[Stored data entries]

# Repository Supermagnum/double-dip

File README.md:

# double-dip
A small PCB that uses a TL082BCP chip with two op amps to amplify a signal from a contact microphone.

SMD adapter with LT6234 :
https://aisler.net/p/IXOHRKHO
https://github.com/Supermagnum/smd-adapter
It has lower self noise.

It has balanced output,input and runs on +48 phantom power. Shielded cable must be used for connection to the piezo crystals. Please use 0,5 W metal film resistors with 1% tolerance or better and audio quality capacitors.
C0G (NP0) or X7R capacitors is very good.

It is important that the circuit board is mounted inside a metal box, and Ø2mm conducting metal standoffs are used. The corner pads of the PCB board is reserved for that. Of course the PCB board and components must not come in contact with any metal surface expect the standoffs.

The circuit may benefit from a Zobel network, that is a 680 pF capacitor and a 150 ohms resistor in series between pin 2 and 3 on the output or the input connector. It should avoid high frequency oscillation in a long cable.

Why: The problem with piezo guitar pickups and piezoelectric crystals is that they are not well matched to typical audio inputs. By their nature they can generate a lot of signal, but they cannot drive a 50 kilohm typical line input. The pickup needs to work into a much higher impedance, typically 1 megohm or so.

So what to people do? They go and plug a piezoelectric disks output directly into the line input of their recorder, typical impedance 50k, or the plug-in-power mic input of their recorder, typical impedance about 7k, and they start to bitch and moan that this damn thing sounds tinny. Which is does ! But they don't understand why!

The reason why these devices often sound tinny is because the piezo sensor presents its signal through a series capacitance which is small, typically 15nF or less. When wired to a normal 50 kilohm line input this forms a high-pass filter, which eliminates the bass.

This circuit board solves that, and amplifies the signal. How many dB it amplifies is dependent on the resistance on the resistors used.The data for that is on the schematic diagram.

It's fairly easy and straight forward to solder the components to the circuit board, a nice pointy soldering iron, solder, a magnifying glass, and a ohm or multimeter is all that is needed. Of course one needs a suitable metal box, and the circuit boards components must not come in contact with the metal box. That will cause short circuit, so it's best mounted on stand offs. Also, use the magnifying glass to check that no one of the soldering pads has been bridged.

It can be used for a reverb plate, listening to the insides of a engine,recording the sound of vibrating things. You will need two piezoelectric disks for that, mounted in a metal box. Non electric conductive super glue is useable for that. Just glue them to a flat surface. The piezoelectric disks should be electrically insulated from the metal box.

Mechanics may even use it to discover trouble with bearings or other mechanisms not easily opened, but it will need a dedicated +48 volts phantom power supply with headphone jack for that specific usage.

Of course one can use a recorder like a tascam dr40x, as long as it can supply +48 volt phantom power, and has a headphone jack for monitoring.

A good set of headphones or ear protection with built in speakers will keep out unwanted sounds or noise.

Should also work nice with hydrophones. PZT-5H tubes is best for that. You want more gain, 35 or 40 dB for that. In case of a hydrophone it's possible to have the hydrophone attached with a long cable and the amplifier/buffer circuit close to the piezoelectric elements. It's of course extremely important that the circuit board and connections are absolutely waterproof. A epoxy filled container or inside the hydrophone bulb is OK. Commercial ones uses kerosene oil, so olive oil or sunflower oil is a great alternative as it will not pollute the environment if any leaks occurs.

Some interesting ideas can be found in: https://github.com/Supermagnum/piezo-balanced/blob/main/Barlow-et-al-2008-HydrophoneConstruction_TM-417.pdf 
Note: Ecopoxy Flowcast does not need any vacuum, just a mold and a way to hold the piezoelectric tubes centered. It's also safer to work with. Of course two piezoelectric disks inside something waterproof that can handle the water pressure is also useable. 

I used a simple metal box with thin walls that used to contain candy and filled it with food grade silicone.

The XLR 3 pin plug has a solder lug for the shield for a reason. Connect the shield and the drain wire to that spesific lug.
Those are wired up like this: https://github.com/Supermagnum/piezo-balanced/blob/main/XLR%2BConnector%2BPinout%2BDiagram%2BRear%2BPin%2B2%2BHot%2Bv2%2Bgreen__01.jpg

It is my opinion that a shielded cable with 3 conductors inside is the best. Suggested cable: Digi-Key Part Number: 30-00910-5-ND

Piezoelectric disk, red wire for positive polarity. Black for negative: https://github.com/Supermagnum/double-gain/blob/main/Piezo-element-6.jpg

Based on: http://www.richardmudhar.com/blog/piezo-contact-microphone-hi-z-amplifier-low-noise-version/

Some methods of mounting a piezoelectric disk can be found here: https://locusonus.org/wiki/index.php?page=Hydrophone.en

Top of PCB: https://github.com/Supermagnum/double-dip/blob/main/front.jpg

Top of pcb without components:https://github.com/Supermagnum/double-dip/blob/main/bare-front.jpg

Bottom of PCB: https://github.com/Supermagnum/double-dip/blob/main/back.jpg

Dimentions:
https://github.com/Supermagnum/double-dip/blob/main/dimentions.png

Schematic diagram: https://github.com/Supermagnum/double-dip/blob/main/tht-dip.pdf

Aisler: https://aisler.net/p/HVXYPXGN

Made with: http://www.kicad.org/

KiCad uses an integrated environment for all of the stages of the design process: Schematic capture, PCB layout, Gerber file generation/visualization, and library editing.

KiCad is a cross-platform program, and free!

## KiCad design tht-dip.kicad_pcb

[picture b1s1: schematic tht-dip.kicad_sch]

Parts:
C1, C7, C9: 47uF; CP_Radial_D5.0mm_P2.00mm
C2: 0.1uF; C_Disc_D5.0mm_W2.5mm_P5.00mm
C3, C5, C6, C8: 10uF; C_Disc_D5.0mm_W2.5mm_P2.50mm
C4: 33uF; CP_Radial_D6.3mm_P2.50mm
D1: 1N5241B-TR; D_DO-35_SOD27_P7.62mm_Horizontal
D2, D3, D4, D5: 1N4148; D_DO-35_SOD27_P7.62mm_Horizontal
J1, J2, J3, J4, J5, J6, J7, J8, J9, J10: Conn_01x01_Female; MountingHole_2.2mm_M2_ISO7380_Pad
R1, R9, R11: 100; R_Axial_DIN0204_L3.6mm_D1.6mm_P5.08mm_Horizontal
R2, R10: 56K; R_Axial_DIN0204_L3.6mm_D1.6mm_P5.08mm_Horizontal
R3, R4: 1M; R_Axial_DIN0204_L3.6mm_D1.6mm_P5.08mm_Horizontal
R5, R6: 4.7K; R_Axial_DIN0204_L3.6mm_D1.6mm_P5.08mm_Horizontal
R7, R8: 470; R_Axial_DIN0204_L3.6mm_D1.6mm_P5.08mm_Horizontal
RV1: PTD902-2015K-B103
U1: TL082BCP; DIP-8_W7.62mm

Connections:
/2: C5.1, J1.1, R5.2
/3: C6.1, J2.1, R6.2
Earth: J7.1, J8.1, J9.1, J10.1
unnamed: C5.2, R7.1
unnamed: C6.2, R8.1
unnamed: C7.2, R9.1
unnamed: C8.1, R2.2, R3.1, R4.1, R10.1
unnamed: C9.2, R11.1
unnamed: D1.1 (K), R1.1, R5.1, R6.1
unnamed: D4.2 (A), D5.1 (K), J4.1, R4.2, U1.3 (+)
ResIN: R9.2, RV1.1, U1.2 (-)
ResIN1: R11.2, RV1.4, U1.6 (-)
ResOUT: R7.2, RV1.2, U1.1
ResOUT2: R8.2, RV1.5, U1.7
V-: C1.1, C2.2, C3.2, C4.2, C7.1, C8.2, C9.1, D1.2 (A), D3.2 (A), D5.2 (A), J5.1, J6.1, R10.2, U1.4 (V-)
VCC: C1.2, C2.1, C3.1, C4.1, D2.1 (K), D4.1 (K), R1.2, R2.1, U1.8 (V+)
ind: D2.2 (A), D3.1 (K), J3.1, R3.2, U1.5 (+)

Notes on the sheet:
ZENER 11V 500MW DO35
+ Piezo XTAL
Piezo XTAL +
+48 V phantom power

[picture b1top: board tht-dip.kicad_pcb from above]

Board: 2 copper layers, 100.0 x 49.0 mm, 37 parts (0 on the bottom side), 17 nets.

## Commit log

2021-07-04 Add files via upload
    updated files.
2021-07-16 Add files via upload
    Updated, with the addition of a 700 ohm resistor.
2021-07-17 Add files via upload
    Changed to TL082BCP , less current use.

What the exercise asks >> Up to and including the line with "The reason why", repeat the entries exactly, beginning at their first line.

Answer section >>
# Repository Supermagnum/double-dip

File README.md:

# double-dip
A small PCB that uses a TL082BCP chip with two op amps to amplify a signal from a contact microphone.

SMD adapter with LT6234 :
https://aisler.net/p/IXOHRKHO
https://github.com/Supermagnum/smd-adapter
It has lower self noise.

It has balanced output,input and runs on +48 phantom power. Shielded cable must be used for connection to the piezo crystals. Please use 0,5 W metal film resistors with 1% tolerance or better and audio quality capacitors.
C0G (NP0) or X7R capacitors is very good.

It is important that the circuit board is mounted inside a metal box, and Ø2mm conducting metal standoffs are used. The corner pads of the PCB board is reserved for that. Of course the PCB board and components must not come in contact with any metal surface expect the standoffs.

The circuit may benefit from a Zobel network, that is a 680 pF capacitor and a 150 ohms resistor in series between pin 2 and 3 on the output or the input connector. It should avoid high frequency oscillation in a long cable.

Why: The problem with piezo guitar pickups and piezoelectric crystals is that they are not well matched to typical audio inputs. By their nature they can generate a lot of signal, but they cannot drive a 50 kilohm typical line input. The pickup needs to work into a much higher impedance, typically 1 megohm or so.

So what to people do? They go and plug a piezoelectric disks output directly into the line input of their recorder, typical impedance 50k, or the plug-in-power mic input of their recorder, typical impedance about 7k, and they start to bitch and moan that this damn thing sounds tinny. Which is does ! But they don't understand why!

The reason why these devices often sound tinny is because the piezo sensor presents its signal through a series capacitance which is small, typically 15nF or less. When wired to a normal 50 kilohm line input this forms a high-pass filter, which eliminates the bass.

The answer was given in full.